▸ Exercise prompt: In the entries below, the lines from the one with "#272=DIRECTION('',(-1.,0.,0.));" through the one with "#300=CARTESIAN_POINT('',(3.125,0.85,6.1));" are to be copied exactly; both ends count.
Segment Start: Entries supplied
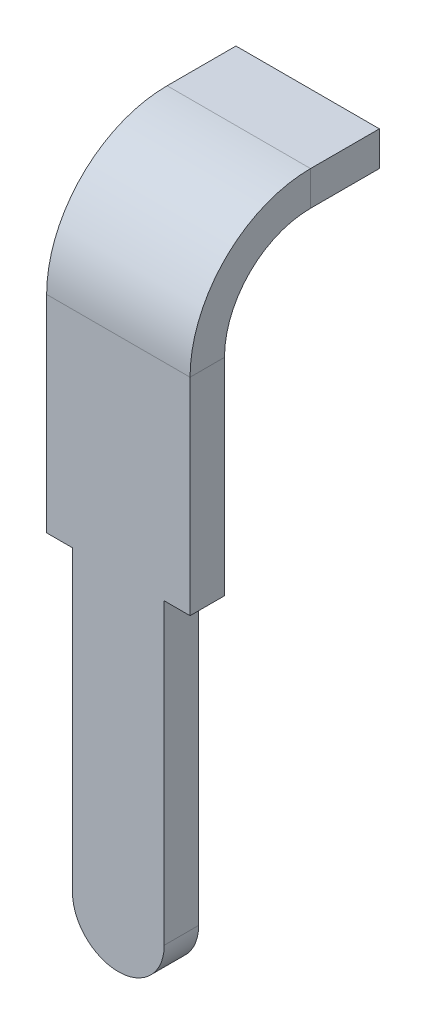
ISO-10303-21;
HEADER;
FILE_DESCRIPTION(('STEP AP214'),'2;1');
FILE_NAME('part.step','',(''),(''),'','','');
FILE_SCHEMA(('AUTOMOTIVE_DESIGN { 1 0 10303 214 1 1 1 1 }'));
ENDSEC;
DATA;
#1=APPLICATION_CONTEXT('core data for automotive mechanical design processes');
#2=APPLICATION_PROTOCOL_DEFINITION('international standard','automotive_design',2000,#1);
#3=PRODUCT_CONTEXT('',#1,'mechanical');
#4=PRODUCT('Part','Part','',(#3));
#5=PRODUCT_RELATED_PRODUCT_CATEGORY('part','',(#4));
#6=PRODUCT_DEFINITION_FORMATION('','',#4);
#7=PRODUCT_DEFINITION_CONTEXT('part definition',#1,'design');
#8=PRODUCT_DEFINITION('design','',#6,#7);
#9=PRODUCT_DEFINITION_SHAPE('','',#8);
#10=(LENGTH_UNIT() NAMED_UNIT(*) SI_UNIT(.MILLI.,.METRE.));
#11=(NAMED_UNIT(*) PLANE_ANGLE_UNIT() SI_UNIT($,.RADIAN.));
#12=(NAMED_UNIT(*) SI_UNIT($,.STERADIAN.) SOLID_ANGLE_UNIT());
#13=UNCERTAINTY_MEASURE_WITH_UNIT(LENGTH_MEASURE(1.E-05),#10,'distance_accuracy_value','');
#14=(GEOMETRIC_REPRESENTATION_CONTEXT(3) GLOBAL_UNCERTAINTY_ASSIGNED_CONTEXT((#13)) GLOBAL_UNIT_ASSIGNED_CONTEXT((#10,
#11,#12)) REPRESENTATION_CONTEXT('',''));
#15=CARTESIAN_POINT('',(0.,0.,0.));
#16=DIRECTION('',(0.,0.,1.));
#17=DIRECTION('',(1.,0.,0.));
#18=AXIS2_PLACEMENT_3D('',#15,#16,#17);
#19=CARTESIAN_POINT('',(2.5,-4.3,6.));
#20=DIRECTION('',(0.,0.,1.));
#21=DIRECTION('',(0.,-1.,0.));
#22=AXIS2_PLACEMENT_3D('',#19,#20,#21);
#23=CYLINDRICAL_SURFACE('',#22,0.4);
#24=CARTESIAN_POINT('',(2.5,-4.3,6.85));
#25=DIRECTION('',(0.,0.,-1.));
#26=DIRECTION('',(-1.,0.,0.));
#27=AXIS2_PLACEMENT_3D('',#24,#25,#26);
#28=CIRCLE('',#27,0.4);
#29=CARTESIAN_POINT('',(2.9,-4.3,6.85));
#30=VERTEX_POINT('',#29);
#31=CARTESIAN_POINT('',(2.5,-4.7,6.85));
#32=VERTEX_POINT('',#31);
#33=EDGE_CURVE('E338',#30,#32,#28,.T.);
#34=ORIENTED_EDGE('',*,*,#33,.F.);
#35=DIRECTION('',(0.,0.,-1.));
#36=VECTOR('',#35,1.);
#37=CARTESIAN_POINT('',(2.9,-4.3,-5.5));
#38=LINE('',#37,#36);
#39=CARTESIAN_POINT('',(2.9,-4.3,7.15));
#40=VERTEX_POINT('',#39);
#41=EDGE_CURVE('E256',#40,#30,#38,.T.);
#42=ORIENTED_EDGE('',*,*,#41,.F.);
#43=CARTESIAN_POINT('',(2.5,-4.3,7.15));
#44=DIRECTION('',(0.,0.,1.));
#45=DIRECTION('',(1.,0.,0.));
#46=AXIS2_PLACEMENT_3D('',#43,#44,#45);
#47=CIRCLE('',#46,0.4);
#48=CARTESIAN_POINT('',(2.5,-4.7,7.15));
#49=VERTEX_POINT('',#48);
#50=EDGE_CURVE('E185',#49,#40,#47,.T.);
#51=ORIENTED_EDGE('',*,*,#50,.F.);
#52=DIRECTION('',(0.,0.,-1.));
#53=VECTOR('',#52,1.);
#54=CARTESIAN_POINT('',(2.5,-4.7,6.));
#55=LINE('',#54,#53);
#56=EDGE_CURVE('E11',#49,#32,#55,.T.);
#57=ORIENTED_EDGE('',*,*,#56,.T.);
#58=EDGE_LOOP('',(#34,#42,#51,#57));
#59=FACE_BOUND('',#58,.T.);
#60=ADVANCED_FACE('F17',(#59),#23,.T.);
#61=CARTESIAN_POINT('',(2.5,-4.3,6.));
#62=DIRECTION('',(0.,0.,-1.));
#63=DIRECTION('',(0.,1.,0.));
#64=AXIS2_PLACEMENT_3D('',#61,#62,#63);
#65=CYLINDRICAL_SURFACE('',#64,0.4);
#66=DIRECTION('',(0.,0.,1.));
#67=VECTOR('',#66,1.);
#68=CARTESIAN_POINT('',(2.1,-4.3,-5.5));
#69=LINE('',#68,#67);
#70=CARTESIAN_POINT('',(2.1,-4.3,6.85));
#71=VERTEX_POINT('',#70);
#72=CARTESIAN_POINT('',(2.1,-4.3,7.15));
#73=VERTEX_POINT('',#72);
#74=EDGE_CURVE('E26',#71,#73,#69,.T.);
#75=ORIENTED_EDGE('',*,*,#74,.F.);
#76=CARTESIAN_POINT('',(2.5,-4.3,6.85));
#77=DIRECTION('',(0.,0.,-1.));
#78=DIRECTION('',(-1.,0.,0.));
#79=AXIS2_PLACEMENT_3D('',#76,#77,#78);
#80=CIRCLE('',#79,0.4);
#81=EDGE_CURVE('E303',#32,#71,#80,.T.);
#82=ORIENTED_EDGE('',*,*,#81,.F.);
#83=ORIENTED_EDGE('',*,*,#56,.F.);
#84=CARTESIAN_POINT('',(2.5,-4.3,7.15));
#85=DIRECTION('',(0.,0.,1.));
#86=DIRECTION('',(1.,0.,0.));
#87=AXIS2_PLACEMENT_3D('',#84,#85,#86);
#88=CIRCLE('',#87,0.4);
#89=EDGE_CURVE('E168',#73,#49,#88,.T.);
#90=ORIENTED_EDGE('',*,*,#89,.F.);
#91=EDGE_LOOP('',(#75,#82,#83,#90));
#92=FACE_BOUND('',#91,.T.);
#93=ADVANCED_FACE('F365',(#92),#65,.T.);
#94=CARTESIAN_POINT('',(2.1,-4.7,-5.5));
#95=DIRECTION('',(1.,0.,0.));
#96=DIRECTION('',(0.,1.,0.));
#97=AXIS2_PLACEMENT_3D('',#94,#95,#96);
#98=PLANE('',#97);
#99=DIRECTION('',(0.,-1.,0.));
#100=VECTOR('',#99,1.);
#101=CARTESIAN_POINT('',(2.1,0.1,6.85));
#102=LINE('',#101,#100);
#103=CARTESIAN_POINT('',(2.1,-1.7,6.85));
#104=VERTEX_POINT('',#103);
#105=EDGE_CURVE('E298',#104,#71,#102,.T.);
#106=ORIENTED_EDGE('',*,*,#105,.T.);
#107=ORIENTED_EDGE('',*,*,#74,.T.);
#108=DIRECTION('',(0.,1.,0.));
#109=VECTOR('',#108,1.);
#110=CARTESIAN_POINT('',(2.1,-4.7,7.15));
#111=LINE('',#110,#109);
#112=CARTESIAN_POINT('',(2.1,-1.7,7.15));
#113=VERTEX_POINT('',#112);
#114=EDGE_CURVE('E209',#73,#113,#111,.T.);
#115=ORIENTED_EDGE('',*,*,#114,.T.);
#116=DIRECTION('',(0.,0.,1.));
#117=VECTOR('',#116,1.);
#118=CARTESIAN_POINT('',(2.1,-1.7,-5.5));
#119=LINE('',#118,#117);
#120=EDGE_CURVE('E20',#104,#113,#119,.T.);
#121=ORIENTED_EDGE('',*,*,#120,.F.);
#122=EDGE_LOOP('',(#106,#107,#115,#121));
#123=FACE_BOUND('',#122,.T.);
#124=ADVANCED_FACE('F277',(#123),#98,.F.);
#125=CARTESIAN_POINT('',(1.875,-1.7,-5.5));
#126=DIRECTION('',(0.,1.,0.));
#127=DIRECTION('',(1.,0.,0.));
#128=AXIS2_PLACEMENT_3D('',#125,#126,#127);
#129=PLANE('',#128);
#130=DIRECTION('',(1.,0.,0.));
#131=VECTOR('',#130,1.);
#132=CARTESIAN_POINT('',(1.875,-1.7,6.85));
#133=LINE('',#132,#131);
#134=CARTESIAN_POINT('',(1.875,-1.7,6.85));
#135=VERTEX_POINT('',#134);
#136=EDGE_CURVE('E272',#135,#104,#133,.T.);
#137=ORIENTED_EDGE('',*,*,#136,.T.);
#138=ORIENTED_EDGE('',*,*,#120,.T.);
#139=DIRECTION('',(-1.,0.,0.));
#140=VECTOR('',#139,1.);
#141=CARTESIAN_POINT('',(1.875,-1.7,7.15));
#142=LINE('',#141,#140);
#143=CARTESIAN_POINT('',(1.875,-1.7,7.15));
#144=VERTEX_POINT('',#143);
#145=EDGE_CURVE('E205',#113,#144,#142,.T.);
#146=ORIENTED_EDGE('',*,*,#145,.T.);
#147=DIRECTION('',(0.,0.,1.));
#148=VECTOR('',#147,1.);
#149=CARTESIAN_POINT('',(1.875,-1.7,-5.5));
#150=LINE('',#149,#148);
#151=EDGE_CURVE('E210',#135,#144,#150,.T.);
#152=ORIENTED_EDGE('',*,*,#151,.F.);
#153=EDGE_LOOP('',(#137,#138,#146,#152));
#154=FACE_BOUND('',#153,.T.);
#155=ADVANCED_FACE('F269',(#154),#129,.F.);
#156=CARTESIAN_POINT('',(3.125,-1.7,-5.5));
#157=DIRECTION('',(0.,1.,0.));
#158=DIRECTION('',(1.,0.,0.));
#159=AXIS2_PLACEMENT_3D('',#156,#157,#158);
#160=PLANE('',#159);
#161=DIRECTION('',(1.,0.,0.));
#162=VECTOR('',#161,1.);
#163=CARTESIAN_POINT('',(1.875,-1.7,6.85));
#164=LINE('',#163,#162);
#165=CARTESIAN_POINT('',(2.9,-1.7,6.85));
#166=VERTEX_POINT('',#165);
#167=CARTESIAN_POINT('',(3.125,-1.7,6.85));
#168=VERTEX_POINT('',#167);
#169=EDGE_CURVE('E172',#166,#168,#164,.T.);
#170=ORIENTED_EDGE('',*,*,#169,.T.);
#171=DIRECTION('',(0.,0.,1.));
#172=VECTOR('',#171,1.);
#173=CARTESIAN_POINT('',(3.125,-1.7,-5.5));
#174=LINE('',#173,#172);
#175=CARTESIAN_POINT('',(3.125,-1.7,7.15));
#176=VERTEX_POINT('',#175);
#177=EDGE_CURVE('E163',#168,#176,#174,.T.);
#178=ORIENTED_EDGE('',*,*,#177,.T.);
#179=DIRECTION('',(-1.,0.,0.));
#180=VECTOR('',#179,1.);
#181=CARTESIAN_POINT('',(3.125,-1.7,7.15));
#182=LINE('',#181,#180);
#183=CARTESIAN_POINT('',(2.9,-1.7,7.15));
#184=VERTEX_POINT('',#183);
#185=EDGE_CURVE('E145',#176,#184,#182,.T.);
#186=ORIENTED_EDGE('',*,*,#185,.T.);
#187=DIRECTION('',(0.,0.,1.));
#188=VECTOR('',#187,1.);
#189=CARTESIAN_POINT('',(2.9,-1.7,-5.5));
#190=LINE('',#189,#188);
#191=EDGE_CURVE('E258',#166,#184,#190,.T.);
#192=ORIENTED_EDGE('',*,*,#191,.F.);
#193=EDGE_LOOP('',(#170,#178,#186,#192));
#194=FACE_BOUND('',#193,.T.);
#195=ADVANCED_FACE('F170',(#194),#160,.F.);
#196=CARTESIAN_POINT('',(2.9,-4.7,-5.5));
#197=DIRECTION('',(-1.,0.,0.));
#198=DIRECTION('',(0.,0.,1.));
#199=AXIS2_PLACEMENT_3D('',#196,#197,#198);
#200=PLANE('',#199);
#201=DIRECTION('',(0.,-1.,0.));
#202=VECTOR('',#201,1.);
#203=CARTESIAN_POINT('',(2.9,-4.7,7.15));
#204=LINE('',#203,#202);
#205=EDGE_CURVE('E154',#184,#40,#204,.T.);
#206=ORIENTED_EDGE('',*,*,#205,.T.);
#207=ORIENTED_EDGE('',*,*,#41,.T.);
#208=DIRECTION('',(0.,1.,0.));
#209=VECTOR('',#208,1.);
#210=CARTESIAN_POINT('',(2.9,0.1,6.85));
#211=LINE('',#210,#209);
#212=EDGE_CURVE('E335',#30,#166,#211,.T.);
#213=ORIENTED_EDGE('',*,*,#212,.T.);
#214=ORIENTED_EDGE('',*,*,#191,.T.);
#215=EDGE_LOOP('',(#206,#207,#213,#214));
#216=FACE_BOUND('',#215,.T.);
#217=ADVANCED_FACE('F355',(#216),#200,.F.);
#218=CARTESIAN_POINT('',(0.,0.,5.5));
#219=DIRECTION('',(0.,0.,-1.));
#220=DIRECTION('',(0.,-1.,0.));
#221=AXIS2_PLACEMENT_3D('',#218,#219,#220);
#222=PLANE('',#221);
#223=DIRECTION('',(0.,-1.,0.));
#224=VECTOR('',#223,1.);
#225=CARTESIAN_POINT('',(1.875,0.85,5.5));
#226=LINE('',#225,#224);
#227=CARTESIAN_POINT('',(1.875,1.15,5.5));
#228=VERTEX_POINT('',#227);
#229=CARTESIAN_POINT('',(1.875,0.85,5.5));
#230=VERTEX_POINT('',#229);
#231=EDGE_CURVE('E236',#228,#230,#226,.T.);
#232=ORIENTED_EDGE('',*,*,#231,.F.);
#233=DIRECTION('',(-1.,0.,0.));
#234=VECTOR('',#233,1.);
#235=CARTESIAN_POINT('',(1.875,1.15,5.5));
#236=LINE('',#235,#234);
#237=CARTESIAN_POINT('',(3.125,1.15,5.5));
#238=VERTEX_POINT('',#237);
#239=EDGE_CURVE('E39',#238,#228,#236,.T.);
#240=ORIENTED_EDGE('',*,*,#239,.F.);
#241=DIRECTION('',(0.,1.,0.));
#242=VECTOR('',#241,1.);
#243=CARTESIAN_POINT('',(3.125,0.85,5.5));
#244=LINE('',#243,#242);
#245=CARTESIAN_POINT('',(3.125,0.85,5.5));
#246=VERTEX_POINT('',#245);
#247=EDGE_CURVE('E46',#246,#238,#244,.T.);
#248=ORIENTED_EDGE('',*,*,#247,.F.);
#249=DIRECTION('',(1.,0.,0.));
#250=VECTOR('',#249,1.);
#251=CARTESIAN_POINT('',(1.875,0.85,5.5));
#252=LINE('',#251,#250);
#253=EDGE_CURVE('E245',#230,#246,#252,.T.);
#254=ORIENTED_EDGE('',*,*,#253,.F.);
#255=EDGE_LOOP('',(#232,#240,#248,#254));
#256=FACE_BOUND('',#255,.T.);
#257=ADVANCED_FACE('F353',(#256),#222,.T.);
#258=CARTESIAN_POINT('',(1.875,1.15,6.1));
#259=DIRECTION('',(0.,-1.,0.));
#260=DIRECTION('',(0.,0.,-1.));
#261=AXIS2_PLACEMENT_3D('',#258,#259,#260);
#262=PLANE('',#261);
#263=ORIENTED_EDGE('',*,*,#239,.T.);
#264=DIRECTION('',(0.,0.,-1.));
#265=VECTOR('',#264,1.);
#266=CARTESIAN_POINT('',(1.875,1.15,6.1));
#267=LINE('',#266,#265);
#268=CARTESIAN_POINT('',(1.875,1.15,6.1));
#269=VERTEX_POINT('',#268);
#270=EDGE_CURVE('E241',#269,#228,#267,.T.);
#271=ORIENTED_EDGE('',*,*,#270,.F.);
#272=DIRECTION('',(-1.,0.,0.));
#273=VECTOR('',#272,1.);
#274=CARTESIAN_POINT('',(1.875,1.15,6.1));
#275=LINE('',#274,#273);
#276=CARTESIAN_POINT('',(3.125,1.15,6.1));
#277=VERTEX_POINT('',#276);
#278=EDGE_CURVE('E200',#277,#269,#275,.T.);
#279=ORIENTED_EDGE('',*,*,#278,.F.);
#280=DIRECTION('',(0.,0.,-1.));
#281=VECTOR('',#280,1.);
#282=CARTESIAN_POINT('',(3.125,1.15,6.1));
#283=LINE('',#282,#281);
#284=EDGE_CURVE('E189',#277,#238,#283,.T.);
#285=ORIENTED_EDGE('',*,*,#284,.T.);
#286=EDGE_LOOP('',(#263,#271,#279,#285));
#287=FACE_BOUND('',#286,.T.);
#288=ADVANCED_FACE('F350',(#287),#262,.F.);
#289=CARTESIAN_POINT('',(3.125,0.85,6.1));
#290=DIRECTION('',(-1.,0.,0.));
#291=DIRECTION('',(0.,0.,1.));
#292=AXIS2_PLACEMENT_3D('',#289,#290,#291);
#293=PLANE('',#292);
#294=ORIENTED_EDGE('',*,*,#247,.T.);
#295=ORIENTED_EDGE('',*,*,#284,.F.);
#296=DIRECTION('',(0.,1.,0.));
#297=VECTOR('',#296,1.);
#298=CARTESIAN_POINT('',(3.125,0.85,6.1));
#299=LINE('',#298,#297);
#300=CARTESIAN_POINT('',(3.125,0.85,6.1));
#301=VERTEX_POINT('',#300);
#302=EDGE_CURVE('E201',#301,#277,#299,.T.);
#303=ORIENTED_EDGE('',*,*,#302,.F.);
#304=DIRECTION('',(0.,0.,-1.));
#305=VECTOR('',#304,1.);
#306=CARTESIAN_POINT('',(3.125,0.85,6.1));
#307=LINE('',#306,#305);
#308=EDGE_CURVE('E249',#301,#246,#307,.T.);
#309=ORIENTED_EDGE('',*,*,#308,.T.);
#310=EDGE_LOOP('',(#294,#295,#303,#309));
#311=FACE_BOUND('',#310,.T.);
#312=ADVANCED_FACE('F324',(#311),#293,.F.);
#313=CARTESIAN_POINT('',(1.875,0.85,6.1));
#314=DIRECTION('',(0.,1.,0.));
#315=DIRECTION('',(1.,0.,0.));
#316=AXIS2_PLACEMENT_3D('',#313,#314,#315);
#317=PLANE('',#316);
#318=ORIENTED_EDGE('',*,*,#253,.T.);
#319=ORIENTED_EDGE('',*,*,#308,.F.);
#320=DIRECTION('',(1.,0.,0.));
#321=VECTOR('',#320,1.);
#322=CARTESIAN_POINT('',(1.875,0.85,6.1));
#323=LINE('',#322,#321);
#324=CARTESIAN_POINT('',(1.875,0.85,6.1));
#325=VERTEX_POINT('',#324);
#326=EDGE_CURVE('E218',#325,#301,#323,.T.);
#327=ORIENTED_EDGE('',*,*,#326,.F.);
#328=DIRECTION('',(0.,0.,-1.));
#329=VECTOR('',#328,1.);
#330=CARTESIAN_POINT('',(1.875,0.85,6.1));
#331=LINE('',#330,#329);
#332=EDGE_CURVE('E240',#325,#230,#331,.T.);
#333=ORIENTED_EDGE('',*,*,#332,.T.);
#334=EDGE_LOOP('',(#318,#319,#327,#333));
#335=FACE_BOUND('',#334,.T.);
#336=ADVANCED_FACE('F320',(#335),#317,.F.);
#337=CARTESIAN_POINT('',(1.875,0.85,6.1));
#338=DIRECTION('',(1.,0.,0.));
#339=DIRECTION('',(0.,1.,0.));
#340=AXIS2_PLACEMENT_3D('',#337,#338,#339);
#341=PLANE('',#340);
#342=ORIENTED_EDGE('',*,*,#231,.T.);
#343=ORIENTED_EDGE('',*,*,#332,.F.);
#344=DIRECTION('',(0.,-1.,0.));
#345=VECTOR('',#344,1.);
#346=CARTESIAN_POINT('',(1.875,0.85,6.1));
#347=LINE('',#346,#345);
#348=EDGE_CURVE('E232',#269,#325,#347,.T.);
#349=ORIENTED_EDGE('',*,*,#348,.F.);
#350=ORIENTED_EDGE('',*,*,#270,.T.);
#351=EDGE_LOOP('',(#342,#343,#349,#350));
#352=FACE_BOUND('',#351,.T.);
#353=ADVANCED_FACE('F352',(#352),#341,.F.);
#354=CARTESIAN_POINT('',(1.875,0.85,6.1));
#355=DIRECTION('',(-1.,0.,0.));
#356=DIRECTION('',(0.,0.,1.));
#357=AXIS2_PLACEMENT_3D('',#354,#355,#356);
#358=PLANE('',#357);
#359=ORIENTED_EDGE('',*,*,#348,.T.);
#360=CARTESIAN_POINT('',(1.875,0.1,6.1));
#361=DIRECTION('',(1.,0.,0.));
#362=DIRECTION('',(0.,0.,-1.));
#363=AXIS2_PLACEMENT_3D('',#360,#361,#362);
#364=CIRCLE('',#363,0.75);
#365=CARTESIAN_POINT('',(1.875,0.1,6.85));
#366=VERTEX_POINT('',#365);
#367=EDGE_CURVE('E217',#325,#366,#364,.T.);
#368=ORIENTED_EDGE('',*,*,#367,.T.);
#369=DIRECTION('',(0.,0.,-1.));
#370=VECTOR('',#369,1.);
#371=CARTESIAN_POINT('',(1.875,0.1,6.85));
#372=LINE('',#371,#370);
#373=CARTESIAN_POINT('',(1.875,0.09999999999999,7.15));
#374=VERTEX_POINT('',#373);
#375=EDGE_CURVE('E213',#374,#366,#372,.T.);
#376=ORIENTED_EDGE('',*,*,#375,.F.);
#377=CARTESIAN_POINT('',(1.875,0.1,6.1));
#378=DIRECTION('',(1.,0.,0.));
#379=DIRECTION('',(0.,0.,-1.));
#380=AXIS2_PLACEMENT_3D('',#377,#378,#379);
#381=CIRCLE('',#380,1.05);
#382=EDGE_CURVE('E231',#269,#374,#381,.T.);
#383=ORIENTED_EDGE('',*,*,#382,.F.);
#384=EDGE_LOOP('',(#359,#368,#376,#383));
#385=FACE_BOUND('',#384,.T.);
#386=ADVANCED_FACE('F312',(#385),#358,.T.);
#387=CARTESIAN_POINT('',(0.,0.1,6.1));
#388=DIRECTION('',(1.,0.,0.));
#389=DIRECTION('',(0.,0.,-1.));
#390=AXIS2_PLACEMENT_3D('',#387,#388,#389);
#391=CYLINDRICAL_SURFACE('',#390,1.05);
#392=ORIENTED_EDGE('',*,*,#278,.T.);
#393=ORIENTED_EDGE('',*,*,#382,.T.);
#394=DIRECTION('',(-1.,0.,0.));
#395=VECTOR('',#394,1.);
#396=CARTESIAN_POINT('',(1.875,0.09999999999999,7.15));
#397=LINE('',#396,#395);
#398=CARTESIAN_POINT('',(3.125,0.09999999999999,7.15));
#399=VERTEX_POINT('',#398);
#400=EDGE_CURVE('E158',#399,#374,#397,.T.);
#401=ORIENTED_EDGE('',*,*,#400,.F.);
#402=CARTESIAN_POINT('',(3.125,0.1,6.1));
#403=DIRECTION('',(1.,0.,0.));
#404=DIRECTION('',(0.,0.,-1.));
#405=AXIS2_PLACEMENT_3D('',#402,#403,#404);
Segment End: Entries supplied
▸ Your solution:
#272=DIRECTION('',(-1.,0.,0.));
#273=VECTOR('',#272,1.);
#274=CARTESIAN_POINT('',(1.875,1.15,6.1));
#275=LINE('',#274,#273);
#276=CARTESIAN_POINT('',(3.125,1.15,6.1));
#277=VERTEX_POINT('',#276);
#278=EDGE_CURVE('E200',#277,#269,#275,.T.);
#279=ORIENTED_EDGE('',*,*,#278,.F.);
#280=DIRECTION('',(0.,0.,-1.));
#281=VECTOR('',#280,1.);
#282=CARTESIAN_POINT('',(3.125,1.15,6.1));
#283=LINE('',#282,#281);
#284=EDGE_CURVE('E189',#277,#238,#283,.T.);
#285=ORIENTED_EDGE('',*,*,#284,.T.);
#286=EDGE_LOOP('',(#263,#271,#279,#285));
#287=FACE_BOUND('',#286,.T.);
#288=ADVANCED_FACE('F350',(#287),#262,.F.);
#289=CARTESIAN_POINT('',(3.125,0.85,6.1));
#290=DIRECTION('',(-1.,0.,0.));
#291=DIRECTION('',(0.,0.,1.));
#292=AXIS2_PLACEMENT_3D('',#289,#290,#291);
#293=PLANE('',#292);
#294=ORIENTED_EDGE('',*,*,#247,.T.);
#295=ORIENTED_EDGE('',*,*,#284,.F.);
#296=DIRECTION('',(0.,1.,0.));
#297=VECTOR('',#296,1.);
#298=CARTESIAN_POINT('',(3.125,0.85,6.1));
#299=LINE('',#298,#297);
#300=CARTESIAN_POINT('',(3.125,0.85,6.1));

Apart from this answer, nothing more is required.